Krishnakant Saboo

Formant Tracking using Extended Kalman Filter


Guide: Prof. Navin Khaneja , IIT Bombay (visiting faculty)

Background

Formants are useful for phoneme detection which is paramount for speech recognition. Though it is relatively easy to find formants for single utterances, formant tracking is more challenging. Because speech is not uncorrelated across time, Linear Predicitice Codes have been used for formant tracking. Here, study the application of Extended Kalman Filter for formant tracking in comparison with other methods.

Approach

We studied methods based on Linear Predictive Codes (LPC) for formant tracking in speech signal. In these methods, the vocal filter is assumed to be an all pole filter and the coefficients are estimated from the signal value. The performance of this method degrades if the number of polesis not chosen properly. Extended kalman filter performs better than LPC if the matrices that capture model parameters are estimated correctly. These methods' performances were compared with the formant tracker in PRAAT and the advantages and pitfalls of the methods were highlighted. In particular, the EKF method can track vowels, plosives and fricatives better than LPC. Also, EKF method continues tracking after silence much better than LFC.

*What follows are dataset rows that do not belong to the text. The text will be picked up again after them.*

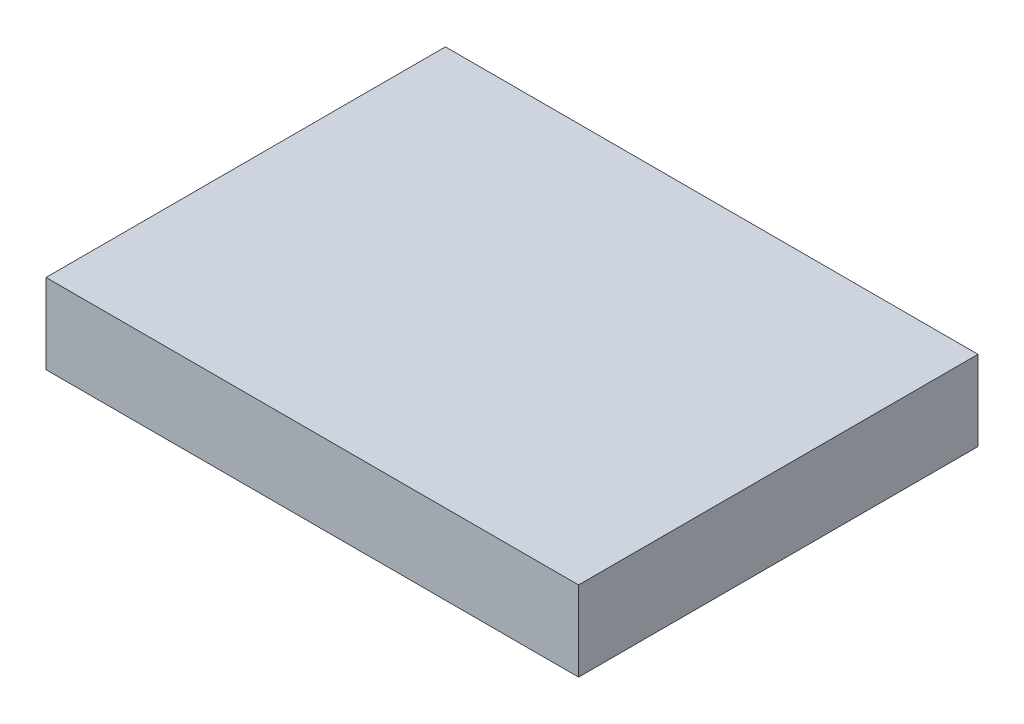
SolidWorks part; units mm, degrees
ref_plane "Front Plane" through (0, 0, 0) normal (0, 0, 1) x (1, 0, 0)
ref_plane "Top Plane" through (0, 0, 0) normal (0, 1, 0) x (1, 0, 0)
ref_plane "Right Plane" through (0, 0, 0) normal (1, 0, 0) x (0, 0, -1)
sketch "Sketch1" plane through (0, 0, 0) normal (0, 1, 0) x (1, 0, 0)
  line L0 (-254, 190.5) -> (254, -190.5) construction
  line L1 (-254, 190.5) -> (254, 190.5)
  line L2 (-254, 190.5) -> (-254, -190.5)
  line L3 (-254, -190.5) -> (254, -190.5)
  line L4 (254, 190.5) -> (254, -190.5)
  dimension "D1" = 508
  dimension "D2" = 381
extrude "Boss-Extrude1" add sketch "Sketch1" along normal blind 76.2

Fig1: 3 format tracking by Extended Kalman Filter for the sentence "Machali jal ki hi rani". The tracking is smooth and even low frequencies can be effectively captured. Tracking is smoother compared to LPC.

Fig2: 3 formant tracking for the same sentence using Linear Predictive Codes. The method is unable to track the first formant after 700ms. Also, the value changes abruptly during silence.